> Task goal:
Go through the following data and transcribe exactly the stretch of lines from the one holding "#102=EDGE_CURVE('E173',#94,#39,#101,.T.);" to the one holding "#113=VERTEX_POINT('',#112);", both included.
━━━━━━━━━━━━━━━━━━━━━━━━━━━━━━
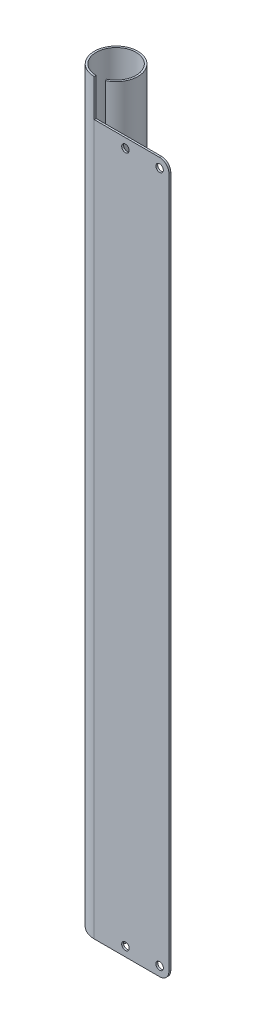
ISO-10303-21;
HEADER;
FILE_DESCRIPTION(('STEP AP214'),'2;1');
FILE_NAME('part.step','',(''),(''),'','','');
FILE_SCHEMA(('AUTOMOTIVE_DESIGN { 1 0 10303 214 1 1 1 1 }'));
ENDSEC;
DATA;
#1=APPLICATION_CONTEXT('core data for automotive mechanical design processes');
#2=APPLICATION_PROTOCOL_DEFINITION('international standard','automotive_design',2000,#1);
#3=PRODUCT_CONTEXT('',#1,'mechanical');
#4=PRODUCT('Part','Part','',(#3));
#5=PRODUCT_RELATED_PRODUCT_CATEGORY('part','',(#4));
#6=PRODUCT_DEFINITION_FORMATION('','',#4);
#7=PRODUCT_DEFINITION_CONTEXT('part definition',#1,'design');
#8=PRODUCT_DEFINITION('design','',#6,#7);
#9=PRODUCT_DEFINITION_SHAPE('','',#8);
#10=(LENGTH_UNIT() NAMED_UNIT(*) SI_UNIT(.MILLI.,.METRE.));
#11=(NAMED_UNIT(*) PLANE_ANGLE_UNIT() SI_UNIT($,.RADIAN.));
#12=(NAMED_UNIT(*) SI_UNIT($,.STERADIAN.) SOLID_ANGLE_UNIT());
#13=UNCERTAINTY_MEASURE_WITH_UNIT(LENGTH_MEASURE(1.E-05),#10,'distance_accuracy_value','');
#14=(GEOMETRIC_REPRESENTATION_CONTEXT(3) GLOBAL_UNCERTAINTY_ASSIGNED_CONTEXT((#13)) GLOBAL_UNIT_ASSIGNED_CONTEXT((#10,
#11,#12)) REPRESENTATION_CONTEXT('',''));
#15=CARTESIAN_POINT('',(0.,0.,0.));
#16=DIRECTION('',(0.,0.,1.));
#17=DIRECTION('',(1.,0.,0.));
#18=AXIS2_PLACEMENT_3D('',#15,#16,#17);
#19=CARTESIAN_POINT('',(40.,-400.,-1.));
#20=DIRECTION('',(-1.,0.,0.));
#21=DIRECTION('',(0.,0.,1.));
#22=AXIS2_PLACEMENT_3D('',#19,#20,#21);
#23=PLANE('',#22);
#24=DIRECTION('',(0.,0.,-1.));
#25=VECTOR('',#24,1.);
#26=CARTESIAN_POINT('',(40.,-395.,0.));
#27=LINE('',#26,#25);
#28=CARTESIAN_POINT('',(40.,-395.,0.));
#29=VERTEX_POINT('',#28);
#30=CARTESIAN_POINT('',(40.,-395.,-1.));
#31=VERTEX_POINT('',#30);
#32=EDGE_CURVE('E116',#29,#31,#27,.T.);
#33=ORIENTED_EDGE('',*,*,#32,.T.);
#34=DIRECTION('',(0.,1.,0.));
#35=VECTOR('',#34,1.);
#36=CARTESIAN_POINT('',(40.,-400.,-1.));
#37=LINE('',#36,#35);
#38=CARTESIAN_POINT('',(40.,-25.,-1.));
#39=VERTEX_POINT('',#38);
#40=EDGE_CURVE('E136',#31,#39,#37,.T.);
#41=ORIENTED_EDGE('',*,*,#40,.T.);
#42=DIRECTION('',(0.,0.,1.));
#43=VECTOR('',#42,1.);
#44=CARTESIAN_POINT('',(40.,-25.,-23.401));
#45=LINE('',#44,#43);
#46=CARTESIAN_POINT('',(40.,-25.,0.));
#47=VERTEX_POINT('',#46);
#48=EDGE_CURVE('E135',#39,#47,#45,.T.);
#49=ORIENTED_EDGE('',*,*,#48,.T.);
#50=DIRECTION('',(0.,1.,0.));
#51=VECTOR('',#50,1.);
#52=CARTESIAN_POINT('',(40.,-400.,0.));
#53=LINE('',#52,#51);
#54=EDGE_CURVE('E128',#29,#47,#53,.T.);
#55=ORIENTED_EDGE('',*,*,#54,.F.);
#56=EDGE_LOOP('',(#33,#41,#49,#55));
#57=FACE_BOUND('',#56,.T.);
#58=ADVANCED_FACE('F36',(#57),#23,.F.);
#59=CARTESIAN_POINT('',(0.,-400.,-1.));
#60=DIRECTION('',(0.,0.,-1.));
#61=DIRECTION('',(-1.,0.,0.));
#62=AXIS2_PLACEMENT_3D('',#59,#60,#61);
#63=PLANE('',#62);
#64=CARTESIAN_POINT('',(35.,-395.,-1.));
#65=DIRECTION('',(0.,0.,1.));
#66=DIRECTION('',(1.,0.,0.));
#67=AXIS2_PLACEMENT_3D('',#64,#65,#66);
#68=CIRCLE('',#67,5.);
#69=CARTESIAN_POINT('',(35.,-400.,-1.));
#70=VERTEX_POINT('',#69);
#71=EDGE_CURVE('E118',#70,#31,#68,.T.);
#72=ORIENTED_EDGE('',*,*,#71,.F.);
#73=DIRECTION('',(1.,0.,0.));
#74=VECTOR('',#73,1.);
#75=CARTESIAN_POINT('',(0.,-400.,-1.));
#76=LINE('',#75,#74);
#77=CARTESIAN_POINT('',(0.,-400.,-1.));
#78=VERTEX_POINT('',#77);
#79=EDGE_CURVE('E60',#70,#78,#76,.F.);
#80=ORIENTED_EDGE('',*,*,#79,.T.);
#81=DIRECTION('',(0.,1.,0.));
#82=VECTOR('',#81,1.);
#83=CARTESIAN_POINT('',(0.,-400.,-1.));
#84=LINE('',#83,#82);
#85=CARTESIAN_POINT('',(0.,-20.,-1.));
#86=VERTEX_POINT('',#85);
#87=EDGE_CURVE('E139',#78,#86,#84,.T.);
#88=ORIENTED_EDGE('',*,*,#87,.T.);
#89=DIRECTION('',(1.,0.,0.));
#90=VECTOR('',#89,1.);
#91=CARTESIAN_POINT('',(0.,-20.,-1.));
#92=LINE('',#91,#90);
#93=CARTESIAN_POINT('',(35.,-20.,-1.));
#94=VERTEX_POINT('',#93);
#95=EDGE_CURVE('E174',#86,#94,#92,.T.);
#96=ORIENTED_EDGE('',*,*,#95,.T.);
#97=CARTESIAN_POINT('',(35.,-25.,-1.));
#98=DIRECTION('',(0.,0.,-1.));
#99=DIRECTION('',(-1.,0.,0.));
#100=AXIS2_PLACEMENT_3D('',#97,#98,#99);
#101=CIRCLE('',#100,5.);
#102=EDGE_CURVE('E173',#94,#39,#101,.T.);
#103=ORIENTED_EDGE('',*,*,#102,.T.);
#104=ORIENTED_EDGE('',*,*,#40,.F.);
#105=EDGE_LOOP('',(#72,#80,#88,#96,#103,#104));
#106=FACE_BOUND('',#105,.T.);
#107=CARTESIAN_POINT('',(16.7,-25.,-1.));
#108=DIRECTION('',(0.,0.,-1.));
#109=DIRECTION('',(1.,0.,0.));
#110=AXIS2_PLACEMENT_3D('',#107,#108,#109);
#111=CIRCLE('',#110,2.);
#112=CARTESIAN_POINT('',(18.7,-25.,-1.));
#113=VERTEX_POINT('',#112);
#114=EDGE_CURVE('E194',#113,#113,#111,.T.);
#115=ORIENTED_EDGE('',*,*,#114,.F.);
#116=EDGE_LOOP('',(#115));
#117=FACE_BOUND('',#116,.T.);
#118=CARTESIAN_POINT('',(16.7,-395.,-1.));
#119=DIRECTION('',(0.,0.,-1.));
#120=DIRECTION('',(-1.,0.,0.));
#121=AXIS2_PLACEMENT_3D('',#118,#119,#120);
#122=CIRCLE('',#121,2.);
#123=CARTESIAN_POINT('',(14.7,-395.,-1.));
#124=VERTEX_POINT('',#123);
#125=EDGE_CURVE('E209',#124,#124,#122,.T.);
#126=ORIENTED_EDGE('',*,*,#125,.F.);
#127=EDGE_LOOP('',(#126));
#128=FACE_BOUND('',#127,.T.);
#129=CARTESIAN_POINT('',(35.,-395.,-1.));
#130=DIRECTION('',(0.,0.,-1.));
#131=DIRECTION('',(1.,0.,0.));
#132=AXIS2_PLACEMENT_3D('',#129,#130,#131);
#133=CIRCLE('',#132,2.);
#134=CARTESIAN_POINT('',(37.,-395.,-1.));
#135=VERTEX_POINT('',#134);
#136=EDGE_CURVE('E203',#135,#135,#133,.T.);
#137=ORIENTED_EDGE('',*,*,#136,.F.);
#138=EDGE_LOOP('',(#137));
#139=FACE_BOUND('',#138,.T.);
#140=CARTESIAN_POINT('',(35.,-25.,-1.));
#141=DIRECTION('',(0.,0.,-1.));
#142=DIRECTION('',(-1.,0.,0.));
#143=AXIS2_PLACEMENT_3D('',#140,#141,#142);
#144=CIRCLE('',#143,2.);
#145=CARTESIAN_POINT('',(33.,-25.,-1.));
#146=VERTEX_POINT('',#145);
#147=EDGE_CURVE('E189',#146,#146,#144,.T.);
#148=ORIENTED_EDGE('',*,*,#147,.F.);
#149=EDGE_LOOP('',(#148));
#150=FACE_BOUND('',#149,.T.);
#151=ADVANCED_FACE('F225',(#106,#117,#128,#139,#150),#63,.T.);
#152=CARTESIAN_POINT('',(0.,-400.,0.));
#153=DIRECTION('',(0.,0.,-1.));
#154=DIRECTION('',(-1.,0.,0.));
#155=AXIS2_PLACEMENT_3D('',#152,#153,#154);
#156=PLANE('',#155);
#157=CARTESIAN_POINT('',(16.7,-25.,0.));
#158=DIRECTION('',(0.,0.,-1.));
#159=DIRECTION('',(1.,0.,0.));
#160=AXIS2_PLACEMENT_3D('',#157,#158,#159);
#161=CIRCLE('',#160,2.);
#162=CARTESIAN_POINT('',(18.7,-25.,0.));
#163=VERTEX_POINT('',#162);
#164=EDGE_CURVE('E197',#163,#163,#161,.T.);
#165=ORIENTED_EDGE('',*,*,#164,.T.);
#166=EDGE_LOOP('',(#165));
#167=FACE_BOUND('',#166,.T.);
#168=CARTESIAN_POINT('',(16.7,-395.,0.));
#169=DIRECTION('',(0.,0.,-1.));
#170=DIRECTION('',(-1.,0.,0.));
#171=AXIS2_PLACEMENT_3D('',#168,#169,#170);
#172=CIRCLE('',#171,2.);
#173=CARTESIAN_POINT('',(14.7,-395.,0.));
#174=VERTEX_POINT('',#173);
#175=EDGE_CURVE('E198',#174,#174,#172,.T.);
#176=ORIENTED_EDGE('',*,*,#175,.T.);
#177=EDGE_LOOP('',(#176));
#178=FACE_BOUND('',#177,.T.);
#179=CARTESIAN_POINT('',(35.,-395.,0.));
#180=DIRECTION('',(0.,0.,-1.));
#181=DIRECTION('',(1.,0.,0.));
#182=AXIS2_PLACEMENT_3D('',#179,#180,#181);
#183=CIRCLE('',#182,2.);
#184=CARTESIAN_POINT('',(37.,-395.,0.));
#185=VERTEX_POINT('',#184);
#186=EDGE_CURVE('E206',#185,#185,#183,.T.);
#187=ORIENTED_EDGE('',*,*,#186,.T.);
#188=EDGE_LOOP('',(#187));
#189=FACE_BOUND('',#188,.T.);
#190=CARTESIAN_POINT('',(35.,-25.,0.));
#191=DIRECTION('',(0.,0.,-1.));
#192=DIRECTION('',(-1.,0.,0.));
#193=AXIS2_PLACEMENT_3D('',#190,#191,#192);
#194=CIRCLE('',#193,2.);
#195=CARTESIAN_POINT('',(33.,-25.,0.));
#196=VERTEX_POINT('',#195);
#197=EDGE_CURVE('E177',#196,#196,#194,.T.);
#198=ORIENTED_EDGE('',*,*,#197,.T.);
#199=EDGE_LOOP('',(#198));
#200=FACE_BOUND('',#199,.T.);
#201=DIRECTION('',(-1.,0.,0.));
#202=VECTOR('',#201,1.);
#203=CARTESIAN_POINT('',(0.,-400.,0.));
#204=LINE('',#203,#202);
#205=CARTESIAN_POINT('',(35.,-400.,0.));
#206=VERTEX_POINT('',#205);
#207=CARTESIAN_POINT('',(0.,-400.,0.));
#208=VERTEX_POINT('',#207);
#209=EDGE_CURVE('E131',#206,#208,#204,.T.);
#210=ORIENTED_EDGE('',*,*,#209,.F.);
#211=CARTESIAN_POINT('',(35.,-395.,0.));
#212=DIRECTION('',(0.,0.,1.));
#213=DIRECTION('',(1.,0.,0.));
#214=AXIS2_PLACEMENT_3D('',#211,#212,#213);
#215=CIRCLE('',#214,5.);
#216=EDGE_CURVE('E51',#206,#29,#215,.T.);
#217=ORIENTED_EDGE('',*,*,#216,.T.);
#218=ORIENTED_EDGE('',*,*,#54,.T.);
#219=CARTESIAN_POINT('',(35.,-25.,0.));
#220=DIRECTION('',(0.,0.,-1.));
#221=DIRECTION('',(-1.,0.,0.));
#222=AXIS2_PLACEMENT_3D('',#219,#220,#221);
#223=CIRCLE('',#222,5.);
#224=CARTESIAN_POINT('',(35.,-20.,0.));
#225=VERTEX_POINT('',#224);
#226=EDGE_CURVE('E163',#225,#47,#223,.T.);
#227=ORIENTED_EDGE('',*,*,#226,.F.);
#228=DIRECTION('',(1.,0.,0.));
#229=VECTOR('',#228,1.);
━━━━━━━━━━━━━━━━━━━━━━━━━━━━━━
> Answer space:
#102=EDGE_CURVE('E173',#94,#39,#101,.T.);
#103=ORIENTED_EDGE('',*,*,#102,.T.);
#104=ORIENTED_EDGE('',*,*,#40,.F.);
#105=EDGE_LOOP('',(#72,#80,#88,#96,#103,#104));
#106=FACE_BOUND('',#105,.T.);
#107=CARTESIAN_POINT('',(16.7,-25.,-1.));
#108=DIRECTION('',(0.,0.,-1.));
#109=DIRECTION('',(1.,0.,0.));
#110=AXIS2_PLACEMENT_3D('',#107,#108,#109);
#111=CIRCLE('',#110,2.);
#112=CARTESIAN_POINT('',(18.7,-25.,-1.));
#113=VERTEX_POINT('',#112);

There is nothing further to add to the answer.